Rugosuchus Temporal range: Santonian-Campanian PreꞒ Ꞓ O S D C P T J K Pg N ↓

Scientific classification
- Kingdom: Animalia
- Phylum: Chordata
- Class: Reptilia
- Clade: Archosauria
- Clade: Pseudosuchia
- Clade: Crocodylomorpha
- Family: †Paralligatoridae
- Genus: †Rugosuchus Wu et al., 2001
- Type species: †Rugosuchus nonganensis Wu et al., 2001

= Rugosuchus =

Extinct genus of reptiles

Rugosuchus (meaning "uneven or wrinkled crocodile", in reference to texturing on its upper jaw bones) is an extinct genus of neosuchian crocodyliform from the Cretaceous of China. It is known from most of a skull, a partial postcranial skeleton, and a second partial skeleton including part of the hips. It was described by Xiao-Chun Wu and colleagues in 2001, with R. nonganensis as the type species. At the time of its description, it was the most complete crocodyliform from northeastern China, and only the second known.

==Description and history==
Rugosuchus is based on IGV 33, most of a skull. Wu et al. assigned two other specimens to this genus: IGV 31, much of a skeleton lacking a skull and most of the limbs; and IGV 32, three vertebrae, a partial hip, and a fragment of thigh bone. These three specimens had been collected in 1958 by the Petroleum Geological Survey of the Song-Liao Basin, and remained unstudied for many years. The locality is near Fulongquan, Nong'an County, Jilin, in the Song-Liao Basin. The formation is not known for certain, but is probably the Nenjiang Formation. The age of the Nenjiang Formation has been debated, but as of the description of Rugosuchus was thought to be latest Early Cretaceous, based on ostracode, bivalve, and fish fossils. However, most of later studies consider it as late Cretaceous instead.

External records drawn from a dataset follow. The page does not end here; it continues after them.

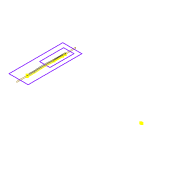
# Autodesk Inventor part: Part_11
Saved by Autodesk Inventor 2022 (Build 260153000, 153)
## iProperties
Created: 2022-04-26
Part Number: Part_11
Material: Generic
Document SubType Name: Modeling
Designer: dell
Density: 1 g/cm^3
Appearance: Default
Author: dell
Autodesk Inventor part; units mm, degrees
ref_plane "XZ Plane" through (0, 0, 0) normal (0, 1, 0) x (-1, 0, 0)
ref_plane "XY Plane" through (0, 0, 0) normal (0, 0, 1) x (1, 0, 0)
sketch "Sketch1" plane through (0, 0, 0) normal (0, 1, 0) x (-1, 0, 0)
  line L0 (0, 0) -> (0, -270.69) construction
  line L1 (-4, 0) -> (-4, -270.69)
  line L2 (4, -270.69) -> (4, 0)
  arc A0 (4, 0) -> (-4, 0) centre (0, 0) ccw
  arc A1 (-4, -270.69) -> (4, -270.69) centre (0, -270.69) ccw
  circle A2 centre (0, 0) radius 1.5
  circle A3 centre (0, -270.69) radius 1.5
  line L3 (0, -251.19) -> (0, -190.69) construction
  line L4 (1.5, -251.19) -> (1.5, -190.69)
  line L5 (-1.5, -190.69) -> (-1.5, -251.19)
  arc A4 (-1.5, -251.19) -> (1.5, -251.19) centre (0, -251.19) ccw
  arc A5 (1.5, -190.69) -> (-1.5, -190.69) centre (0, -190.69) ccw
  arc A6 (-4, -185.69) -> (-4, -50.69) centre (-700.7379, -118.19) ccw
  arc A7 (4, -185.69) -> (4, -50.69) centre (-692.7379, -118.19) ccw
  point P0 (0, -135.345)
  point P1 (0, -220.94)
  dimension "d0" = 270.69
  dimension "d1" = 8
  dimension "d2" = 3
  dimension "d3" = 3
  dimension "d10" = 3
  dimension "d11" = 19.5
  dimension "d12" = 80
  dimension "d13" = 85
  dimension "d14" = 220
  dimension "d15" = 700
  dimension "d16" = 700
  constraints: 16 end point, 12 point on circle, 8 centre point, 8 tangent, 6 point on line, 2 coincident, 2 horizontal alignment, 2 midpoint, 2 parallel, 1 vertical
  measures "d0" distance of L0.start L0.end
  measures "d1" diameter of A1
  measures "d2" diameter of A2
  measures "d3" diameter of A3
  measures "d10" diameter of A5
  measures "d11" distance of L0.end L3.start
  measures "d12" distance of L0.end L3.end
  measures "d13" vertical distance of A3.centre A6.start
  measures "d14" vertical distance of L0.end A6.end
  measures "d15" radius of A6
  measures "d16" radius of A7
extrude "Extrusion1" add sketch "Sketch1" along normal blind 8 contours A0 L2 A1 L1 A6 | A7 L2
sketch "Sketch2" plane through (0, 0, 0) normal (0, -1, 0) x (1, 0, 0)
  line L0 (4, 0) -> (4, -50.69) projected
  arc A0 (4, 0) -> (-4, 0) centre (0, 0) ccw projected
  line L1 (-4, -50.69) -> (-4, 0) projected
  arc A1 (-4, -50.69) -> (-4, -185.69) centre (692.7379, -118.19) ccw projected
  line L2 (-4, -270.69) -> (-4, -185.69) projected
  arc A2 (-4, -270.69) -> (4, -270.69) centre (0, -270.69) ccw projected
  line L3 (4, -185.69) -> (4, -270.69) projected
  arc A3 (4, -50.69) -> (4, -185.69) centre (700.7379, -118.19) ccw projected
  circle A4 centre (0, 0) radius 1.5 projected
  circle A5 centre (0, -270.69) radius 1.5 projected
  arc A6 (-1.5, -251.19) -> (1.5, -251.19) centre (0, -251.19) ccw projected
  line L4 (-1.5, -190.69) -> (-1.5, -251.19) projected
  arc A7 (1.5, -190.69) -> (-1.5, -190.69) centre (0, -190.69) ccw projected
  line L5 (1.5, -251.19) -> (1.5, -190.69) projected
sketch "Sketch3" plane through (0, 8, 0) normal (0, 1, 0) x (1, 0, 0)
  line L0 (-41.336, 299.9474) -> (32.3712, 299.9474)
  line L1 (32.3712, 299.9474) -> (32.3712, 128.1205)
  line L2 (32.3712, 128.1205) -> (-41.336, 128.1205)
  line L3 (-41.336, 128.1205) -> (-41.336, 299.9474)
  line L4 (-75.6075, 328.1158) -> (61.009, 328.1158)
  line L5 (61.009, 328.1158) -> (61.009, -56.3822)
  line L6 (61.009, -56.3822) -> (-75.6075, -56.3822)
  line L7 (-75.6075, -56.3822) -> (-75.6075, 328.1158)
  point P0 (0, 0)
  constraints: 16 end point, 4 parallel, 2 horizontal, 2 perpendicular
body "Solid1"

Skull IGV 33 is thought to have come from an adult, based on the fusion of bones. It is somewhat elongate, being about 28 centimeters (11 in) long but only an estimated 13 centimeters (5 in) at its widest. The maxillae, the main tooth-bearing bones of the upper jaw, had unusual elongate depressions on their sides, nine or ten per maxilla. Other skull bones had heavily textured surfaces, as is seen on other crocodyliforms. The premaxillae at the tip of the snout had five teeth each, and the maxillae 16 or 17, with wide spacing; because the jaws are closed, the teeth of the lower jaw cannot be observed.

Wu et al. noted that their new genus was not an eusuchian because of the form of the palatal bones, but it was probably more closely related to the eusuchians than other extinct crocodyliforms like Goniopholis by having more than two rows of bony armor running its length, and by the form of the armor. They interpreted Rugosuchus as similar to Bernissartia, Shamosuchus and the unnamed "Glen Rose Form", but not as derived. However, a more recent phylogenetic analysis by Turner and Buckley (2008) places it with the "Glen Rose Form" in a clade with Eusuchia, more derived than Bernissartia.